Method 1: Using List Comprehension
List comprehension provides a concise way to create lists and calculate means in a single line ?
# Initialize the list and sublist size
input_list = [1, 2, 3, 4, 5, 6, 7, 8, 9]
sublist_size = 3
# Calculate means using list comprehension
result_list = [sum(input_list[i:i+sublist_size]) / sublist_size
for i in range(0, len(input_list), sublist_size)]
print("Original list:", input_list)
print("Sublist size:", sublist_size)
print("Means of consecutive sublists:", result_list)
Original list: [1, 2, 3, 4, 5, 6, 7, 8, 9] Sublist size: 3 Means of consecutive sublists: [2.0, 5.0, 8.0]
How It Works
The list comprehension iterates through the list with steps equal to the sublist size.
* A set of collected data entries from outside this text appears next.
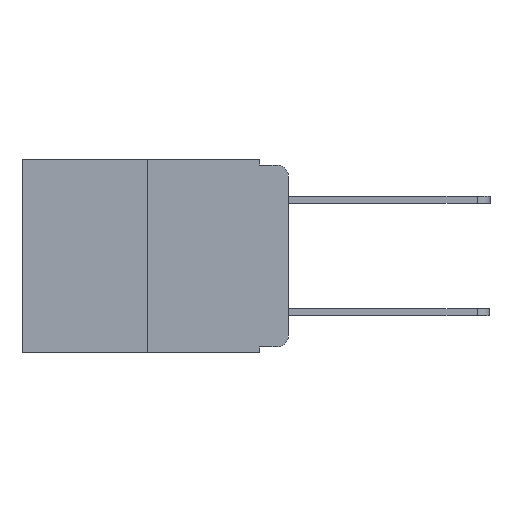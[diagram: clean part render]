
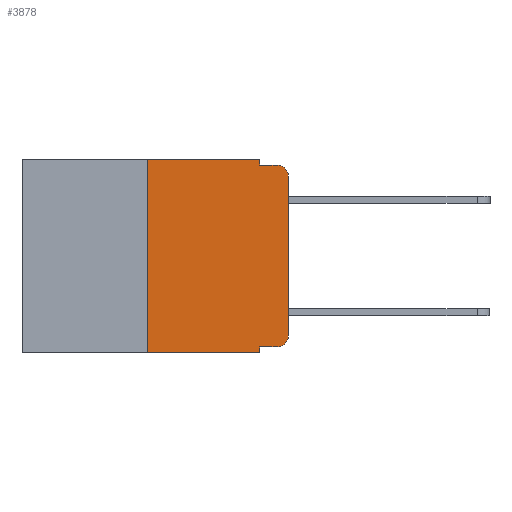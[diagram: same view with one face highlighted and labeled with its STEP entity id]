
A CAD part, left-side view. The second image highlights one B-rep face of the part: STEP entity #3878.
In plain terms, the highlighted planar face has unit normal (-1, 0, 0).
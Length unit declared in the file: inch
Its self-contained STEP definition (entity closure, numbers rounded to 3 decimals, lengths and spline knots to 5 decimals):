
#6 = VERTEX_POINT ( 'NONE', #10497 ) ;
#7 = EDGE_CURVE ( 'NONE', #10892, #4452, #5100, .T. ) ;
#105 = DIRECTION ( 'NONE',  ( 0., -1., 0. ) ) ;
#117 = DIRECTION ( 'NONE',  ( 0., 0., -1. ) ) ;
#152 = ORIENTED_EDGE ( 'NONE', *, *, #7, .T. ) ;
#203 = EDGE_CURVE ( 'NONE', #9677, #10464, #3903, .T. ) ;
#333 = EDGE_LOOP ( 'NONE', ( #11173, #10690, #1251, #5745, #9900, #1265, #152, #7012, #4394, #8893 ) ) ;
#516 = CIRCLE ( 'NONE', #3946, 0.02 ) ;
#540 = CARTESIAN_POINT ( 'NONE',  ( 0., 0., 0. ) ) ;
#627 = CARTESIAN_POINT ( 'NONE',  ( 0., 0.051, -0.01 ) ) ;
#651 = EDGE_CURVE ( 'NONE', #5554, #8231, #11008, .T. ) ;
#947 = CARTESIAN_POINT ( 'NONE',  ( 0., 0.051, 0. ) ) ;
#971 = VERTEX_POINT ( 'NONE', #8782 ) ;
#1251 = ORIENTED_EDGE ( 'NONE', *, *, #203, .F. ) ;
#1265 = ORIENTED_EDGE ( 'NONE', *, *, #3871, .F. ) ;
#1283 = CARTESIAN_POINT ( 'NONE',  ( 0., 0.473, 0. ) ) ;
#1510 = CIRCLE ( 'NONE', #9813, 0.02 ) ;
#1623 = EDGE_CURVE ( 'NONE', #6, #5830, #5491, .T. ) ;
#1749 = EDGE_CURVE ( 'NONE', #8231, #9677, #8406, .T. ) ;
#2536 = VECTOR ( 'NONE', #6123, 39.37008 ) ;
#2705 = DIRECTION ( 'NONE',  ( -1., 0., 0. ) ) ;
#3205 = CARTESIAN_POINT ( 'NONE',  ( 0., 0.02, -0.313 ) ) ;
#3231 = CARTESIAN_POINT ( 'NONE',  ( 0., 0.473, 0. ) ) ;
#3236 = EDGE_CURVE ( 'NONE', #6, #4452, #6708, .T. ) ;
#3262 = DIRECTION ( 'NONE',  ( 1., 0., 0. ) ) ;
#3597 = CARTESIAN_POINT ( 'NONE',  ( 0., 0.25, 0. ) ) ;
#3871 = EDGE_CURVE ( 'NONE', #10892, #5554, #7962, .T. ) ;
#3878 = ADVANCED_FACE ( 'NONE', ( #9888 ), #10180, .F. ) ;
#3903 = LINE ( 'NONE', #627, #8314 ) ;
#3946 = AXIS2_PLACEMENT_3D ( 'NONE', #3205, #9347, #4154 ) ;
#4014 = DIRECTION ( 'NONE',  ( 0., -1., 0. ) ) ;
#4154 = DIRECTION ( 'NONE',  ( 0., 0., -1. ) ) ;
#4248 = VECTOR ( 'NONE', #117, 39.37008 ) ;
#4370 = CARTESIAN_POINT ( 'NONE',  ( 0., 0.051, -0.343 ) ) ;
#4394 = ORIENTED_EDGE ( 'NONE', *, *, #1623, .T. ) ;
#4452 = VERTEX_POINT ( 'NONE', #4370 ) ;
#4505 = CARTESIAN_POINT ( 'NONE',  ( 0., 0.051, -0.333 ) ) ;
#5100 = LINE ( 'NONE', #9349, #2536 ) ;
#5481 = DIRECTION ( 'NONE',  ( 0., -1., 0. ) ) ;
#5491 = LINE ( 'NONE', #4505, #7777 ) ;
#5554 = VERTEX_POINT ( 'NONE', #3597 ) ;
#5745 = ORIENTED_EDGE ( 'NONE', *, *, #1749, .F. ) ;
#5785 = CARTESIAN_POINT ( 'NONE',  ( 0., 0.051, 0. ) ) ;
#5830 = VERTEX_POINT ( 'NONE', #6935 ) ;
#5941 = VECTOR ( 'NONE', #6633, 39.37008 ) ;
#5980 = VERTEX_POINT ( 'NONE', #6380 ) ;
#6009 = EDGE_CURVE ( 'NONE', #971, #10464, #1510, .T. ) ;
#6027 = VECTOR ( 'NONE', #10395, 39.37008 ) ;
#6123 = DIRECTION ( 'NONE',  ( 0., -1., 0. ) ) ;
#6380 = CARTESIAN_POINT ( 'NONE',  ( 0., 0., -0.313 ) ) ;
#6420 = AXIS2_PLACEMENT_3D ( 'NONE', #3231, #3262, #9396 ) ;
#6522 = CARTESIAN_POINT ( 'NONE',  ( 0., 0.02, -0.01 ) ) ;
#6611 = CARTESIAN_POINT ( 'NONE',  ( 0., 0.051, -0.01 ) ) ;
#6633 = DIRECTION ( 'NONE',  ( 0., 0., -1. ) ) ;
#6708 = LINE ( 'NONE', #9974, #4248 ) ;
#6935 = CARTESIAN_POINT ( 'NONE',  ( 0., 0.02, -0.333 ) ) ;
#7012 = ORIENTED_EDGE ( 'NONE', *, *, #3236, .F. ) ;
#7718 = VECTOR ( 'NONE', #7754, 39.37008 ) ;
#7754 = DIRECTION ( 'NONE',  ( 0., 0., 1. ) ) ;
#7777 = VECTOR ( 'NONE', #5481, 39.37008 ) ;
#7962 = LINE ( 'NONE', #11017, #7718 ) ;
#8099 = CARTESIAN_POINT ( 'NONE',  ( 0., 0.02, -0.03 ) ) ;
#8231 = VERTEX_POINT ( 'NONE', #5785 ) ;
#8239 = LINE ( 'NONE', #540, #6027 ) ;
#8314 = VECTOR ( 'NONE', #4014, 39.37008 ) ;
#8406 = LINE ( 'NONE', #947, #5941 ) ;
#8440 = EDGE_CURVE ( 'NONE', #5830, #5980, #516, .T. ) ;
#8782 = CARTESIAN_POINT ( 'NONE',  ( 0., 0., -0.03 ) ) ;
#8818 = VECTOR ( 'NONE', #105, 39.37008 ) ;
#8893 = ORIENTED_EDGE ( 'NONE', *, *, #8440, .T. ) ;
#8935 = DIRECTION ( 'NONE',  ( 0., 0., -1. ) ) ;
#9347 = DIRECTION ( 'NONE',  ( -1., 0., 0. ) ) ;
#9349 = CARTESIAN_POINT ( 'NONE',  ( 0., 0.473, -0.343 ) ) ;
#9378 = CARTESIAN_POINT ( 'NONE',  ( 0., 0.25, -0.343 ) ) ;
#9396 = DIRECTION ( 'NONE',  ( 0., 0., -1. ) ) ;
#9677 = VERTEX_POINT ( 'NONE', #6611 ) ;
#9813 = AXIS2_PLACEMENT_3D ( 'NONE', #8099, #2705, #8935 ) ;
#9888 = FACE_OUTER_BOUND ( 'NONE', #333, .T. ) ;
#9900 = ORIENTED_EDGE ( 'NONE', *, *, #651, .F. ) ;
#9974 = CARTESIAN_POINT ( 'NONE',  ( 0., 0.051, 0. ) ) ;
#10180 = PLANE ( 'NONE',  #6420 ) ;
#10219 = EDGE_CURVE ( 'NONE', #5980, #971, #8239, .T. ) ;
#10395 = DIRECTION ( 'NONE',  ( 0., 0., 1. ) ) ;
#10464 = VERTEX_POINT ( 'NONE', #6522 ) ;
#10497 = CARTESIAN_POINT ( 'NONE',  ( 0., 0.051, -0.333 ) ) ;
#10690 = ORIENTED_EDGE ( 'NONE', *, *, #6009, .T. ) ;
#10892 = VERTEX_POINT ( 'NONE', #9378 ) ;
#11008 = LINE ( 'NONE', #1283, #8818 ) ;
#11017 = CARTESIAN_POINT ( 'NONE',  ( 0., 0.25, 0. ) ) ;
#11173 = ORIENTED_EDGE ( 'NONE', *, *, #10219, .T. ) ;
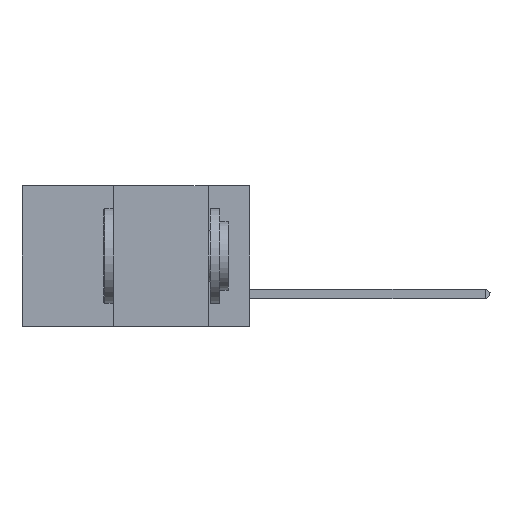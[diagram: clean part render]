
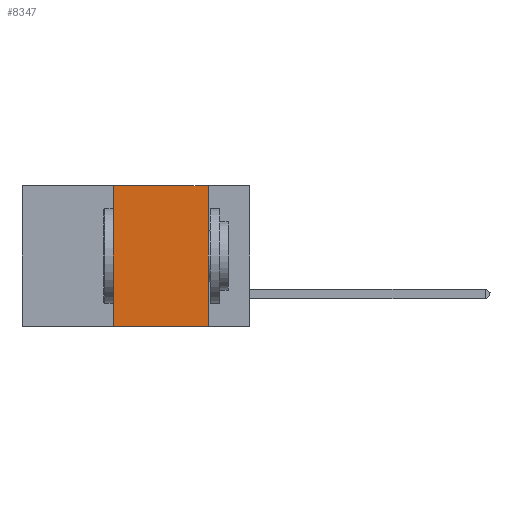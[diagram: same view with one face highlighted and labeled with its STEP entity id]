
A CAD part, left-side view. The second image highlights one B-rep face of the part: STEP entity #8347.
In plain terms, the highlighted planar face has unit normal (-1, 0, 0).
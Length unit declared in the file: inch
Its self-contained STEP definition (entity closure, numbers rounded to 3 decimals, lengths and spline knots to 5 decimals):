
#870 = DIRECTION ( 'NONE',  ( 0., 0., -1. ) ) ;
#1776 = VECTOR ( 'NONE', #12469, 39.37008 ) ;
#2067 = LINE ( 'NONE', #22017, #1776 ) ;
#2170 = VERTEX_POINT ( 'NONE', #21414 ) ;
#2998 = VERTEX_POINT ( 'NONE', #14127 ) ;
#4810 = CARTESIAN_POINT ( 'NONE',  ( 0., 0.6, -0.37 ) ) ;
#4905 = AXIS2_PLACEMENT_3D ( 'NONE', #22007, #20301, #870 ) ;
#6033 = EDGE_LOOP ( 'NONE', ( #12541, #18611, #24280, #19637 ) ) ;
#6814 = PLANE ( 'NONE',  #4905 ) ;
#7377 = LINE ( 'NONE', #14333, #16990 ) ;
#7526 = DIRECTION ( 'NONE',  ( 0., -1., 0. ) ) ;
#8302 = CARTESIAN_POINT ( 'NONE',  ( 0., 0.11, 0. ) ) ;
#8347 = ADVANCED_FACE ( 'NONE', ( #20178 ), #6814, .F. ) ;
#10350 = DIRECTION ( 'NONE',  ( 0., -1., 0. ) ) ;
#11466 = CARTESIAN_POINT ( 'NONE',  ( 0., 0.6, 0. ) ) ;
#12469 = DIRECTION ( 'NONE',  ( 0., 0., -1. ) ) ;
#12541 = ORIENTED_EDGE ( 'NONE', *, *, #23192, .F. ) ;
#13274 = LINE ( 'NONE', #4810, #18093 ) ;
#14127 = CARTESIAN_POINT ( 'NONE',  ( 0., 0.11, -0.37 ) ) ;
#14333 = CARTESIAN_POINT ( 'NONE',  ( 0., 0.36, 0. ) ) ;
#14662 = EDGE_CURVE ( 'NONE', #2170, #2998, #13274, .T. ) ;
#15995 = VERTEX_POINT ( 'NONE', #16732 ) ;
#16732 = CARTESIAN_POINT ( 'NONE',  ( 0., 0.36, 0. ) ) ;
#16879 = VERTEX_POINT ( 'NONE', #8302 ) ;
#16990 = VECTOR ( 'NONE', #20170, 39.37008 ) ;
#17144 = VECTOR ( 'NONE', #7526, 39.37008 ) ;
#18093 = VECTOR ( 'NONE', #10350, 39.37008 ) ;
#18581 = EDGE_CURVE ( 'NONE', #2170, #15995, #7377, .T. ) ;
#18611 = ORIENTED_EDGE ( 'NONE', *, *, #21462, .F. ) ;
#19637 = ORIENTED_EDGE ( 'NONE', *, *, #14662, .T. ) ;
#20170 = DIRECTION ( 'NONE',  ( 0., 0., 1. ) ) ;
#20178 = FACE_OUTER_BOUND ( 'NONE', #6033, .T. ) ;
#20301 = DIRECTION ( 'NONE',  ( 1., 0., 0. ) ) ;
#21414 = CARTESIAN_POINT ( 'NONE',  ( 0., 0.36, -0.37 ) ) ;
#21462 = EDGE_CURVE ( 'NONE', #15995, #16879, #22668, .T. ) ;
#22007 = CARTESIAN_POINT ( 'NONE',  ( 0., 0.6, 0. ) ) ;
#22017 = CARTESIAN_POINT ( 'NONE',  ( 0., 0.11, 0. ) ) ;
#22668 = LINE ( 'NONE', #11466, #17144 ) ;
#23192 = EDGE_CURVE ( 'NONE', #16879, #2998, #2067, .T. ) ;
#24280 = ORIENTED_EDGE ( 'NONE', *, *, #18581, .F. ) ;
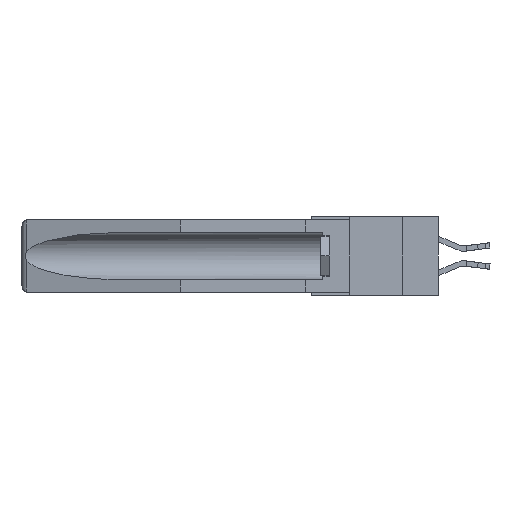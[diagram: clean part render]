
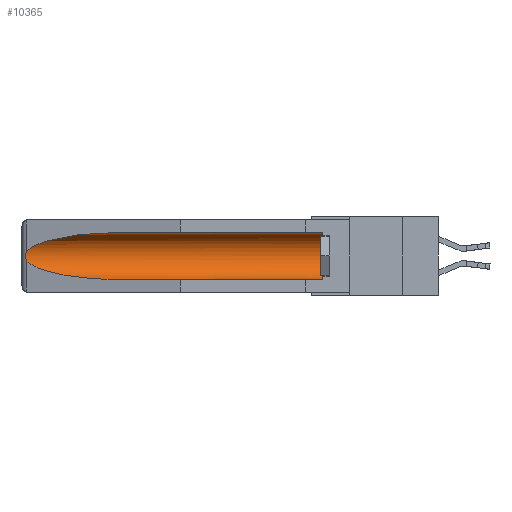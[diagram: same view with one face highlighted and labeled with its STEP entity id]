
A CAD part, left-side view. The second image highlights one B-rep face of the part: STEP entity #10365.
In plain terms, the highlighted cylindrical face has radius 2.857 mm (diameter 5.715 mm), a partial arc.
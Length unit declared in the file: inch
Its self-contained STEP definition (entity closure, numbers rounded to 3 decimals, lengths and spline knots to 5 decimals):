
#197 = VERTEX_POINT ( 'NONE', #7557 ) ;
#427 =( BOUNDED_CURVE ( )  B_SPLINE_CURVE ( 3, ( #7004, #5709, #13981, #11262 ),
 .UNSPECIFIED., .F., .F. ) 
 B_SPLINE_CURVE_WITH_KNOTS ( ( 4, 4 ),
 ( 0.1948, 1.5708 ),
 .UNSPECIFIED. ) 
 CURVE ( )  GEOMETRIC_REPRESENTATION_ITEM ( )  RATIONAL_B_SPLINE_CURVE ( ( 1., 0.848, 0.848, 1. ) ) 
 REPRESENTATION_ITEM ( '' )  );
#508 = CARTESIAN_POINT ( 'NONE',  ( 0.155, -0.30754, -0.284 ) ) ;
#1047 = CARTESIAN_POINT ( 'NONE',  ( 0.26597, 1.52961, -0.15275 ) ) ;
#1790 = CARTESIAN_POINT ( 'NONE',  ( 0.155, 1.07973, -0.284 ) ) ;
#1840 = CARTESIAN_POINT ( 'NONE',  ( 0.155, -0.30754, -0.059 ) ) ;
#2409 = CARTESIAN_POINT ( 'NONE',  ( 0.2673, 1.5327, -0.16383 ) ) ;
#2603 = EDGE_CURVE ( 'NONE', #13961, #8758, #427, .T. ) ;
#2838 = CARTESIAN_POINT ( 'NONE',  ( 0.155, 1.07973, -0.059 ) ) ;
#3276 = LINE ( 'NONE', #508, #16331 ) ;
#3286 = EDGE_CURVE ( 'NONE', #12892, #13961, #6876, .T. ) ;
#3785 = ORIENTED_EDGE ( 'NONE', *, *, #9519, .F. ) ;
#3820 = CARTESIAN_POINT ( 'NONE',  ( 0.26597, 1.5296, -0.19026 ) ) ;
#3836 = LINE ( 'NONE', #1840, #6751 ) ;
#3877 = FACE_OUTER_BOUND ( 'NONE', #7116, .T. ) ;
#3880 = EDGE_CURVE ( 'NONE', #14528, #197, #3836, .T. ) ;
#4596 = CARTESIAN_POINT ( 'NONE',  ( 0.2675, 1.53308, -0.17534 ) ) ;
#5457 = DIRECTION ( 'NONE',  ( 0., 0., 1. ) ) ;
#5709 = CARTESIAN_POINT ( 'NONE',  ( 0.25451, 1.48313, -0.24835 ) ) ;
#6751 = VECTOR ( 'NONE', #7016, 39.37008 ) ;
#6876 = B_SPLINE_CURVE_WITH_KNOTS ( 'NONE', 3,
 ( #15820, #1047, #12732, #2409, #11855, #4596, #7885, #10527, #3820, #15932 ),
 .UNSPECIFIED., .F., .F.,
 ( 4, 2, 2, 2, 4 ),
 ( 0., 0.00029, 0.00058, 0.00087, 0.00117 ),
 .UNSPECIFIED. ) ;
#6881 = CARTESIAN_POINT ( 'NONE',  ( 0.25451, 1.48313, -0.09465 ) ) ;
#6912 = AXIS2_PLACEMENT_3D ( 'NONE', #13662, #14837, #5457 ) ;
#7004 = CARTESIAN_POINT ( 'NONE',  ( 0.26537, 1.52718, -0.19328 ) ) ;
#7016 = DIRECTION ( 'NONE',  ( 0., 1., 0. ) ) ;
#7056 = ORIENTED_EDGE ( 'NONE', *, *, #3880, .T. ) ;
#7116 = EDGE_LOOP ( 'NONE', ( #12470, #10880, #14033, #3785, #14416, #7056 ) ) ;
#7379 = EDGE_CURVE ( 'NONE', #197, #12892, #11114, .T. ) ;
#7557 = CARTESIAN_POINT ( 'NONE',  ( 0.155, 1.07973, -0.059 ) ) ;
#7885 = CARTESIAN_POINT ( 'NONE',  ( 0.2673, 1.53269, -0.17917 ) ) ;
#8758 = VERTEX_POINT ( 'NONE', #1790 ) ;
#8844 = DIRECTION ( 'NONE',  ( 0., 1., 0. ) ) ;
#9519 = EDGE_CURVE ( 'NONE', #11106, #8758, #3276, .T. ) ;
#10365 = ADVANCED_FACE ( 'NONE', ( #3877 ), #12528, .F. ) ;
#10527 = CARTESIAN_POINT ( 'NONE',  ( 0.26655, 1.53094, -0.18657 ) ) ;
#10783 = CIRCLE ( 'NONE', #11929, 0.1125 ) ;
#10880 = ORIENTED_EDGE ( 'NONE', *, *, #3286, .T. ) ;
#11025 = CARTESIAN_POINT ( 'NONE',  ( 0.21114, 1.30732, -0.059 ) ) ;
#11106 = VERTEX_POINT ( 'NONE', #15071 ) ;
#11114 =( BOUNDED_CURVE ( )  B_SPLINE_CURVE ( 3, ( #2838, #11025, #6881, #16133 ),
 .UNSPECIFIED., .F., .T. ) 
 B_SPLINE_CURVE_WITH_KNOTS ( ( 4, 4 ),
 ( 4.71239, 6.08839 ),
 .UNSPECIFIED. ) 
 CURVE ( )  GEOMETRIC_REPRESENTATION_ITEM ( )  RATIONAL_B_SPLINE_CURVE ( ( 1., 0.848, 0.848, 1. ) ) 
 REPRESENTATION_ITEM ( '' )  );
#11262 = CARTESIAN_POINT ( 'NONE',  ( 0.155, 1.07973, -0.284 ) ) ;
#11836 = EDGE_CURVE ( 'NONE', #11106, #14528, #10783, .T. ) ;
#11855 = CARTESIAN_POINT ( 'NONE',  ( 0.2675, 1.53308, -0.16763 ) ) ;
#11929 = AXIS2_PLACEMENT_3D ( 'NONE', #16980, #14116, #15577 ) ;
#12470 = ORIENTED_EDGE ( 'NONE', *, *, #7379, .T. ) ;
#12528 = CYLINDRICAL_SURFACE ( 'NONE', #6912, 0.1125 ) ;
#12732 = CARTESIAN_POINT ( 'NONE',  ( 0.26654, 1.53092, -0.15636 ) ) ;
#12892 = VERTEX_POINT ( 'NONE', #14970 ) ;
#13662 = CARTESIAN_POINT ( 'NONE',  ( 0.155, -0.30754, -0.1715 ) ) ;
#13961 = VERTEX_POINT ( 'NONE', #15738 ) ;
#13981 = CARTESIAN_POINT ( 'NONE',  ( 0.21114, 1.30732, -0.284 ) ) ;
#14033 = ORIENTED_EDGE ( 'NONE', *, *, #2603, .T. ) ;
#14116 = DIRECTION ( 'NONE',  ( 0., -1., 0. ) ) ;
#14416 = ORIENTED_EDGE ( 'NONE', *, *, #11836, .T. ) ;
#14528 = VERTEX_POINT ( 'NONE', #16683 ) ;
#14837 = DIRECTION ( 'NONE',  ( 0., 1., 0. ) ) ;
#14970 = CARTESIAN_POINT ( 'NONE',  ( 0.26537, 1.52718, -0.14972 ) ) ;
#15071 = CARTESIAN_POINT ( 'NONE',  ( 0.155, 0.126, -0.284 ) ) ;
#15577 = DIRECTION ( 'NONE',  ( 0., 0., 1. ) ) ;
#15738 = CARTESIAN_POINT ( 'NONE',  ( 0.26537, 1.52718, -0.19328 ) ) ;
#15820 = CARTESIAN_POINT ( 'NONE',  ( 0.26537, 1.52718, -0.14972 ) ) ;
#15932 = CARTESIAN_POINT ( 'NONE',  ( 0.26537, 1.52718, -0.19328 ) ) ;
#16133 = CARTESIAN_POINT ( 'NONE',  ( 0.26537, 1.52718, -0.14972 ) ) ;
#16331 = VECTOR ( 'NONE', #8844, 39.37008 ) ;
#16683 = CARTESIAN_POINT ( 'NONE',  ( 0.155, 0.126, -0.059 ) ) ;
#16980 = CARTESIAN_POINT ( 'NONE',  ( 0.155, 0.126, -0.1715 ) ) ;

For each position i, it extracts a slice input_list[i:i+sublist_size], calculates the sum, and divides by the sublist size to get the mean.
Method 2: Using NumPy
NumPy provides efficient numerical operations and can handle array operations more efficiently for large datasets ?
import numpy as np
# Initialize the list and sublist size
input_list = [1, 2, 3, 4, 5, 6, 7, 8, 9]
sublist_size = 3
# Calculate means using NumPy
result_array = [np.mean(input_list[i:i+sublist_size])
for i in range(0, len(input_list), sublist_size)]
print("Original list:", input_list)
print("Sublist size:", sublist_size)
print("Means using NumPy:", result_array)
Original list: [1, 2, 3, 4, 5, 6, 7, 8, 9] Sublist size: 3 Means using NumPy: [2.0, 5.0, 8.0]
Method 3: Using a Simple Loop
A traditional loop approach provides more control and is easier to understand for beginners ?
# Initialize the list and sublist size
input_list = [1, 2, 3, 4, 5, 6, 7, 8, 9]
sublist_size = 3
result_list = []
# Calculate means using a loop
for i in range(0, len(input_list), sublist_size):
sublist = input_list[i:i+sublist_size]
mean_value = sum(sublist) / len(sublist)
result_list.append(mean_value)
print("Original list:", input_list)
print("Sublist size:", sublist_size)
print("Means using loop:", result_list)
Original list: [1, 2, 3, 4, 5, 6, 7, 8, 9] Sublist size: 3 Means using loop: [2.0, 5.0, 8.0]
Comparison
| Method | Readability | Performance | Best For |
|---|---|---|---|
| List Comprehension | Concise | Good | Small to medium datasets |
| NumPy | Clean | Excellent | Large numerical datasets |
| Simple Loop | Very clear | Good | Learning and debugging |
Conclusion
All three methods effectively calculate the mean of consecutive sublists. Use list comprehension for concise code, NumPy for numerical performance, or simple loops for clarity and learning purposes.